‘It’s time for the government to place children at the forefront’ says children’s charity 

Charity The Children’s Society has declared the 2023 Autumn Statement ‘misses a crucial opportunity to invest in the future of children’. 

The Autumn Statement was announced yesterday (22 November) by Chancellor of the Exchequer, Jeremy Hunt.  

Some key points from the statement include: 

  • The main rate of national insurance will go down from 12% to 10% from January 
  • Universal credit will rise by 6.7% 
  • Claimants in England and Wales deemed able to work who refuse to seek employment to lose access to their benefits and extras like free prescriptions 
  • Local Housing Allowance rates are to be unfrozen and increased to 30% of local rents from April 
  • National Living Wage is to increase from £10.42 to £11.44 an hour from April 

Responding to the 2023 Autumn Statement, Mark Russell, chief executive at The Children’s Society, said:  “The chancellor’s decisions to increase benefits in line with inflation and unfreeze Local Housing Allowances offers a lifeline for struggling families across the UK. This move is a step in the right direction but falls far short of addressing the broader challenges facing our nation’s children.   

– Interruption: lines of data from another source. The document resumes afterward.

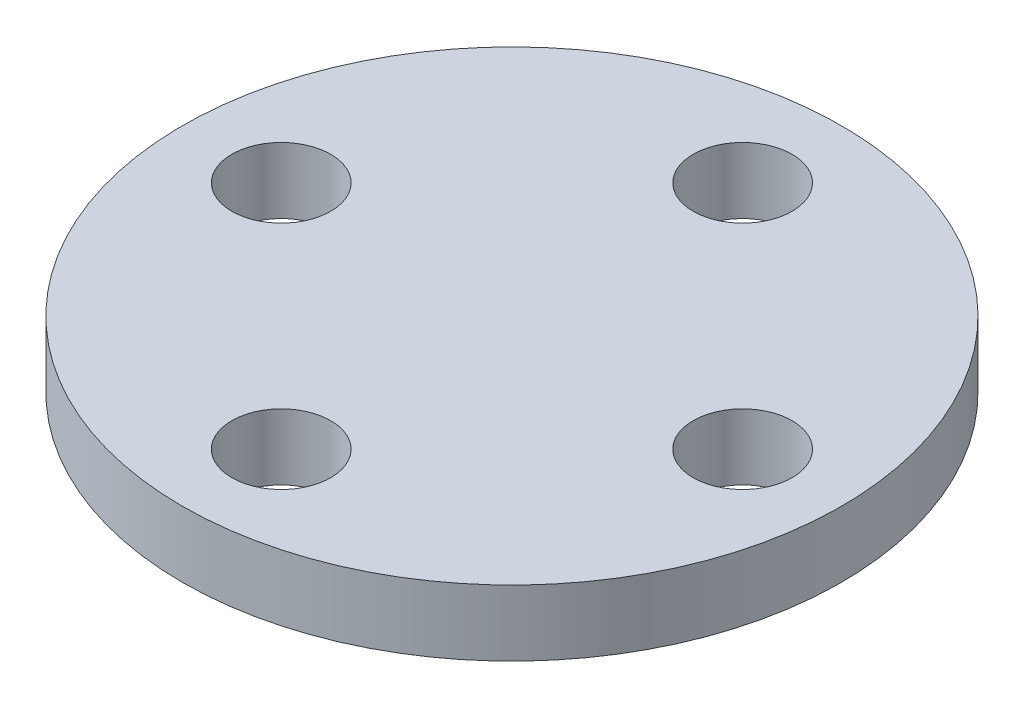
ISO-10303-21;
HEADER;
FILE_DESCRIPTION(('STEP AP214'),'2;1');
FILE_NAME('part.step','',(''),(''),'','','');
FILE_SCHEMA(('AUTOMOTIVE_DESIGN { 1 0 10303 214 1 1 1 1 }'));
ENDSEC;
DATA;
#1=APPLICATION_CONTEXT('core data for automotive mechanical design processes');
#2=APPLICATION_PROTOCOL_DEFINITION('international standard','automotive_design',2000,#1);
#3=PRODUCT_CONTEXT('',#1,'mechanical');
#4=PRODUCT('Part','Part','',(#3));
#5=PRODUCT_RELATED_PRODUCT_CATEGORY('part','',(#4));
#6=PRODUCT_DEFINITION_FORMATION('','',#4);
#7=PRODUCT_DEFINITION_CONTEXT('part definition',#1,'design');
#8=PRODUCT_DEFINITION('design','',#6,#7);
#9=PRODUCT_DEFINITION_SHAPE('','',#8);
#10=(LENGTH_UNIT() NAMED_UNIT(*) SI_UNIT(.MILLI.,.METRE.));
#11=(NAMED_UNIT(*) PLANE_ANGLE_UNIT() SI_UNIT($,.RADIAN.));
#12=(NAMED_UNIT(*) SI_UNIT($,.STERADIAN.) SOLID_ANGLE_UNIT());
#13=UNCERTAINTY_MEASURE_WITH_UNIT(LENGTH_MEASURE(1.E-05),#10,'distance_accuracy_value','');
#14=(GEOMETRIC_REPRESENTATION_CONTEXT(3) GLOBAL_UNCERTAINTY_ASSIGNED_CONTEXT((#13)) GLOBAL_UNIT_ASSIGNED_CONTEXT((#10,
#11,#12)) REPRESENTATION_CONTEXT('',''));
#15=CARTESIAN_POINT('',(0.,0.,0.));
#16=DIRECTION('',(0.,0.,1.));
#17=DIRECTION('',(1.,0.,0.));
#18=AXIS2_PLACEMENT_3D('',#15,#16,#17);
#19=CARTESIAN_POINT('',(0.,0.,0.));
#20=DIRECTION('',(0.,1.,0.));
#21=DIRECTION('',(0.,0.,1.));
#22=AXIS2_PLACEMENT_3D('',#19,#20,#21);
#23=PLANE('',#22);
#24=CARTESIAN_POINT('',(0.,0.,7.));
#25=DIRECTION('',(0.,1.,0.));
#26=DIRECTION('',(0.,0.,1.));
#27=AXIS2_PLACEMENT_3D('',#24,#25,#26);
#28=CIRCLE('',#27,1.5);
#29=CARTESIAN_POINT('',(0.,0.,8.5));
#30=VERTEX_POINT('',#29);
#31=EDGE_CURVE('E61',#30,#30,#28,.T.);
#32=ORIENTED_EDGE('',*,*,#31,.T.);
#33=EDGE_LOOP('',(#32));
#34=FACE_BOUND('',#33,.T.);
#35=CARTESIAN_POINT('',(0.,0.,-7.));
#36=DIRECTION('',(0.,1.,0.));
#37=DIRECTION('',(0.,0.,1.));
#38=AXIS2_PLACEMENT_3D('',#35,#36,#37);
#39=CIRCLE('',#38,1.5);
#40=CARTESIAN_POINT('',(0.,0.,-5.5));
#41=VERTEX_POINT('',#40);
#42=EDGE_CURVE('E49',#41,#41,#39,.T.);
#43=ORIENTED_EDGE('',*,*,#42,.T.);
#44=EDGE_LOOP('',(#43));
#45=FACE_BOUND('',#44,.T.);
#46=CARTESIAN_POINT('',(0.,0.,0.));
#47=DIRECTION('',(0.,1.,0.));
#48=DIRECTION('',(0.,0.,1.));
#49=AXIS2_PLACEMENT_3D('',#46,#47,#48);
#50=CIRCLE('',#49,10.);
#51=CARTESIAN_POINT('',(0.,0.,10.));
#52=VERTEX_POINT('',#51);
#53=EDGE_CURVE('E42',#52,#52,#50,.T.);
#54=ORIENTED_EDGE('',*,*,#53,.F.);
#55=EDGE_LOOP('',(#54));
#56=FACE_BOUND('',#55,.T.);
#57=CARTESIAN_POINT('',(7.,0.,0.));
#58=DIRECTION('',(0.,1.,0.));
#59=DIRECTION('',(0.,0.,1.));
#60=AXIS2_PLACEMENT_3D('',#57,#58,#59);
#61=CIRCLE('',#60,1.5);
#62=CARTESIAN_POINT('',(7.,0.,1.5));
#63=VERTEX_POINT('',#62);
#64=EDGE_CURVE('E55',#63,#63,#61,.T.);
#65=ORIENTED_EDGE('',*,*,#64,.T.);
#66=EDGE_LOOP('',(#65));
#67=FACE_BOUND('',#66,.T.);
#68=CARTESIAN_POINT('',(-7.,0.,0.));
#69=DIRECTION('',(0.,1.,0.));
#70=DIRECTION('',(0.,0.,1.));
#71=AXIS2_PLACEMENT_3D('',#68,#69,#70);
#72=CIRCLE('',#71,1.5);
#73=CARTESIAN_POINT('',(-7.,0.,1.5));
#74=VERTEX_POINT('',#73);
#75=EDGE_CURVE('E67',#74,#74,#72,.T.);
#76=ORIENTED_EDGE('',*,*,#75,.T.);
#77=EDGE_LOOP('',(#76));
#78=FACE_BOUND('',#77,.T.);
#79=CARTESIAN_POINT('',(0.,0.,0.));
#80=DIRECTION('',(0.,1.,0.));
#81=DIRECTION('',(0.,0.,1.));
#82=AXIS2_PLACEMENT_3D('',#79,#80,#81);
#83=CIRCLE('',#82,4.);
#84=CARTESIAN_POINT('',(0.,0.,4.));
#85=VERTEX_POINT('',#84);
#86=EDGE_CURVE('E10',#85,#85,#83,.F.);
#87=ORIENTED_EDGE('',*,*,#86,.F.);
#88=EDGE_LOOP('',(#87));
#89=FACE_BOUND('',#88,.T.);
#90=ADVANCED_FACE('F31',(#34,#45,#56,#67,#78,#89),#23,.F.);
#91=CARTESIAN_POINT('',(0.,2.,0.));
#92=DIRECTION('',(0.,1.,0.));
#93=DIRECTION('',(0.,0.,1.));
#94=AXIS2_PLACEMENT_3D('',#91,#92,#93);
#95=PLANE('',#94);
#96=CARTESIAN_POINT('',(0.,2.,7.));
#97=DIRECTION('',(0.,1.,0.));
#98=DIRECTION('',(0.,0.,1.));
#99=AXIS2_PLACEMENT_3D('',#96,#97,#98);
#100=CIRCLE('',#99,1.5);
#101=CARTESIAN_POINT('',(0.,2.,8.5));
#102=VERTEX_POINT('',#101);
#103=EDGE_CURVE('E58',#102,#102,#100,.T.);
#104=ORIENTED_EDGE('',*,*,#103,.F.);
#105=EDGE_LOOP('',(#104));
#106=FACE_BOUND('',#105,.T.);
#107=CARTESIAN_POINT('',(0.,2.,-7.));
#108=DIRECTION('',(0.,1.,0.));
#109=DIRECTION('',(0.,0.,1.));
#110=AXIS2_PLACEMENT_3D('',#107,#108,#109);
#111=CIRCLE('',#110,1.5);
#112=CARTESIAN_POINT('',(0.,2.,-5.5));
#113=VERTEX_POINT('',#112);
#114=EDGE_CURVE('E47',#113,#113,#111,.T.);
#115=ORIENTED_EDGE('',*,*,#114,.F.);
#116=EDGE_LOOP('',(#115));
#117=FACE_BOUND('',#116,.T.);
#118=CARTESIAN_POINT('',(0.,2.,0.));
#119=DIRECTION('',(0.,1.,0.));
#120=DIRECTION('',(0.,0.,1.));
#121=AXIS2_PLACEMENT_3D('',#118,#119,#120);
#122=CIRCLE('',#121,10.);
#123=CARTESIAN_POINT('',(0.,2.,10.));
#124=VERTEX_POINT('',#123);
#125=EDGE_CURVE('E38',#124,#124,#122,.T.);
#126=ORIENTED_EDGE('',*,*,#125,.T.);
#127=EDGE_LOOP('',(#126));
#128=FACE_BOUND('',#127,.T.);
#129=CARTESIAN_POINT('',(7.,2.,0.));
#130=DIRECTION('',(0.,1.,0.));
#131=DIRECTION('',(0.,0.,1.));
#132=AXIS2_PLACEMENT_3D('',#129,#130,#131);
#133=CIRCLE('',#132,1.5);
#134=CARTESIAN_POINT('',(7.,2.,1.5));
#135=VERTEX_POINT('',#134);
#136=EDGE_CURVE('E52',#135,#135,#133,.T.);
#137=ORIENTED_EDGE('',*,*,#136,.F.);
#138=EDGE_LOOP('',(#137));
#139=FACE_BOUND('',#138,.T.);
#140=CARTESIAN_POINT('',(-7.,2.,0.));
#141=DIRECTION('',(0.,1.,0.));
#142=DIRECTION('',(0.,0.,1.));
#143=AXIS2_PLACEMENT_3D('',#140,#141,#142);
#144=CIRCLE('',#143,1.5);
#145=CARTESIAN_POINT('',(-7.,2.,1.5));
#146=VERTEX_POINT('',#145);
#147=EDGE_CURVE('E64',#146,#146,#144,.T.);
#148=ORIENTED_EDGE('',*,*,#147,.F.);
#149=EDGE_LOOP('',(#148));
#150=FACE_BOUND('',#149,.T.);
#151=ADVANCED_FACE('F102',(#106,#117,#128,#139,#150),#95,.T.);
#152=CARTESIAN_POINT('',(0.,2.,0.));
#153=DIRECTION('',(0.,-1.,0.));
#154=DIRECTION('',(0.,0.,-1.));
#155=AXIS2_PLACEMENT_3D('',#152,#153,#154);
#156=CYLINDRICAL_SURFACE('',#155,10.);
#157=ORIENTED_EDGE('',*,*,#125,.F.);
#158=EDGE_LOOP('',(#157));
#159=FACE_BOUND('',#158,.T.);
#160=ORIENTED_EDGE('',*,*,#53,.T.);
#161=EDGE_LOOP('',(#160));
#162=FACE_BOUND('',#161,.T.);
#163=ADVANCED_FACE('F33',(#159,#162),#156,.T.);
#164=CARTESIAN_POINT('',(0.,2.,-7.));
#165=DIRECTION('',(0.,-1.,0.));
#166=DIRECTION('',(0.,0.,-1.));
#167=AXIS2_PLACEMENT_3D('',#164,#165,#166);
#168=CYLINDRICAL_SURFACE('',#167,1.5);
#169=ORIENTED_EDGE('',*,*,#114,.T.);
#170=EDGE_LOOP('',(#169));
#171=FACE_BOUND('',#170,.T.);
#172=ORIENTED_EDGE('',*,*,#42,.F.);
#173=EDGE_LOOP('',(#172));
#174=FACE_BOUND('',#173,.T.);
#175=ADVANCED_FACE('F156',(#171,#174),#168,.F.);
#176=CARTESIAN_POINT('',(7.,2.,0.));
#177=DIRECTION('',(0.,-1.,0.));
#178=DIRECTION('',(0.,0.,-1.));
#179=AXIS2_PLACEMENT_3D('',#176,#177,#178);
#180=CYLINDRICAL_SURFACE('',#179,1.5);
#181=ORIENTED_EDGE('',*,*,#136,.T.);
#182=EDGE_LOOP('',(#181));
#183=FACE_BOUND('',#182,.T.);
#184=ORIENTED_EDGE('',*,*,#64,.F.);
#185=EDGE_LOOP('',(#184));
#186=FACE_BOUND('',#185,.T.);
#187=ADVANCED_FACE('F146',(#183,#186),#180,.F.);
#188=CARTESIAN_POINT('',(0.,2.,7.));
#189=DIRECTION('',(0.,-1.,0.));
#190=DIRECTION('',(0.,0.,-1.));
#191=AXIS2_PLACEMENT_3D('',#188,#189,#190);
#192=CYLINDRICAL_SURFACE('',#191,1.5);
#193=ORIENTED_EDGE('',*,*,#103,.T.);
#194=EDGE_LOOP('',(#193));
#195=FACE_BOUND('',#194,.T.);
#196=ORIENTED_EDGE('',*,*,#31,.F.);
#197=EDGE_LOOP('',(#196));
#198=FACE_BOUND('',#197,.T.);
#199=ADVANCED_FACE('F97',(#195,#198),#192,.F.);
#200=CARTESIAN_POINT('',(-7.,2.,0.));
#201=DIRECTION('',(0.,-1.,0.));
#202=DIRECTION('',(0.,0.,-1.));
#203=AXIS2_PLACEMENT_3D('',#200,#201,#202);
#204=CYLINDRICAL_SURFACE('',#203,1.5);
#205=ORIENTED_EDGE('',*,*,#147,.T.);
#206=EDGE_LOOP('',(#205));
#207=FACE_BOUND('',#206,.T.);
#208=ORIENTED_EDGE('',*,*,#75,.F.);
#209=EDGE_LOOP('',(#208));
#210=FACE_BOUND('',#209,.T.);
#211=ADVANCED_FACE('F88',(#207,#210),#204,.F.);
#212=CARTESIAN_POINT('',(0.,-3.,0.));
#213=DIRECTION('',(0.,-1.,0.));
#214=DIRECTION('',(0.,0.,-1.));
#215=AXIS2_PLACEMENT_3D('',#212,#213,#214);
#216=PLANE('',#215);
#217=CARTESIAN_POINT('',(0.,-3.,0.));
#218=DIRECTION('',(0.,-1.,0.));
#219=DIRECTION('',(0.,0.,-1.));
#220=AXIS2_PLACEMENT_3D('',#217,#218,#219);
#221=CIRCLE('',#220,4.);
#222=CARTESIAN_POINT('',(0.,-3.,-4.));
#223=VERTEX_POINT('',#222);
#224=EDGE_CURVE('E70',#223,#223,#221,.T.);
#225=ORIENTED_EDGE('',*,*,#224,.T.);
#226=EDGE_LOOP('',(#225));
#227=FACE_BOUND('',#226,.T.);
#228=CARTESIAN_POINT('',(0.,-3.,0.));
#229=DIRECTION('',(0.,-1.,0.));
#230=DIRECTION('',(0.,0.,-1.));
#231=AXIS2_PLACEMENT_3D('',#228,#229,#230);
#232=CIRCLE('',#231,2.);
#233=CARTESIAN_POINT('',(0.,-3.,-2.));
#234=VERTEX_POINT('',#233);
#235=EDGE_CURVE('E75',#234,#234,#232,.T.);
#236=ORIENTED_EDGE('',*,*,#235,.F.);
#237=EDGE_LOOP('',(#236));
#238=FACE_BOUND('',#237,.T.);
#239=ADVANCED_FACE('F85',(#227,#238),#216,.T.);
#240=CARTESIAN_POINT('',(0.,-3.,0.));
#241=DIRECTION('',(0.,1.,0.));
#242=DIRECTION('',(0.,0.,1.));
#243=AXIS2_PLACEMENT_3D('',#240,#241,#242);
#244=CYLINDRICAL_SURFACE('',#243,4.);
#245=ORIENTED_EDGE('',*,*,#224,.F.);
#246=EDGE_LOOP('',(#245));
#247=FACE_BOUND('',#246,.T.);
#248=ORIENTED_EDGE('',*,*,#86,.T.);
#249=EDGE_LOOP('',(#248));
#250=FACE_BOUND('',#249,.T.);
#251=ADVANCED_FACE('F87',(#247,#250),#244,.T.);
#252=CARTESIAN_POINT('',(0.,-3.,0.));
#253=DIRECTION('',(0.,1.,0.));
#254=DIRECTION('',(0.,0.,1.));
#255=AXIS2_PLACEMENT_3D('',#252,#253,#254);
#256=CYLINDRICAL_SURFACE('',#255,2.);
#257=ORIENTED_EDGE('',*,*,#235,.T.);
#258=EDGE_LOOP('',(#257));
#259=FACE_BOUND('',#258,.T.);
#260=CARTESIAN_POINT('',(0.,0.,0.));
#261=DIRECTION('',(0.,-1.,0.));
#262=DIRECTION('',(0.,0.,-1.));
#263=AXIS2_PLACEMENT_3D('',#260,#261,#262);
#264=CIRCLE('',#263,2.);
#265=CARTESIAN_POINT('',(0.,0.,-2.));
#266=VERTEX_POINT('',#265);
#267=EDGE_CURVE('E76',#266,#266,#264,.T.);
#268=ORIENTED_EDGE('',*,*,#267,.F.);
#269=EDGE_LOOP('',(#268));
#270=FACE_BOUND('',#269,.T.);
#271=ADVANCED_FACE('F82',(#259,#270),#256,.F.);
#272=ORIENTED_EDGE('',*,*,#267,.T.);
#273=EDGE_LOOP('',(#272));
#274=FACE_BOUND('',#273,.T.);
#275=ADVANCED_FACE('F104',(#274),#23,.F.);
#276=CLOSED_SHELL('',(#90,#151,#163,#175,#187,#199,#211,#239,#251,#271,#275));
#277=MANIFOLD_SOLID_BREP('B2',#276);
#278=ADVANCED_BREP_SHAPE_REPRESENTATION('',(#18,#277),#14);
#279=SHAPE_DEFINITION_REPRESENTATION(#9,#278);
ENDSEC;
END-ISO-10303-21;

“This government has consistently overlooked the needs of children in their policy-making. The absence of increased funding for children’s services is a glaring omission and we are deeply troubled by the implications of the chancellor’s proposal to bring in stricter conditions within our social security system.  

“Increased investment in employment support is welcome but the majority of children living in poverty – three quarters, in fact – come from households where at least one parent or carer is already employed.   

“The consequences of this are evident: a troubling rise in child poverty, a growing mental health crisis among our youth, and unacceptable delays in providing essential support services. This Autumn Statement, like its predecessors, misses a crucial opportunity to invest in the future of children, especially those who have faced challenging beginnings.   

“Our call to action is clear: It’s time for the government to place children at the forefront of its agenda. This includes a dedicated effort to eradicate child poverty and a significant investment in early intervention services. The need for change is urgent – our children deserve a secure and fulfilling childhood, and they cannot wait any longer for these necessary reforms.” 

The chancellor has also announced a £50 million pilot to “stimulate” apprenticeship training in engineering and other growth sectors.  

Jeremy Hunt revealed plans for a two-year ‘apprenticeship growth sector pilot’ in his autumn statement, but no policy details have yet been released. 

Dani Payne, Social Market Foundation senior researcher, said: “Given the chancellor’s ambition to build a world-class education and skills system, it is disappointing to see core school spending per pupil being held flat in real terms, and little else announced to support our young people. 

“The announcement of modest additional funding for apprenticeships is welcome, however it is unlikely that what the sector really needs is a new pilot scheme, as opposed to a whole-sale reform to bring together our post-secondary education systems, encourage growth in technical education and tackle the unproductive competition between HE and FE that leaves both sectors fighting for pupils and funding. 

“If the government is to truly grow the supply side of the economy, human capital and skills must be at the forefront of our plan for growth and schools, addressing funding and staffing crises to deliver the next generation of skilled young workers and help those already in work to upskill and retrain.”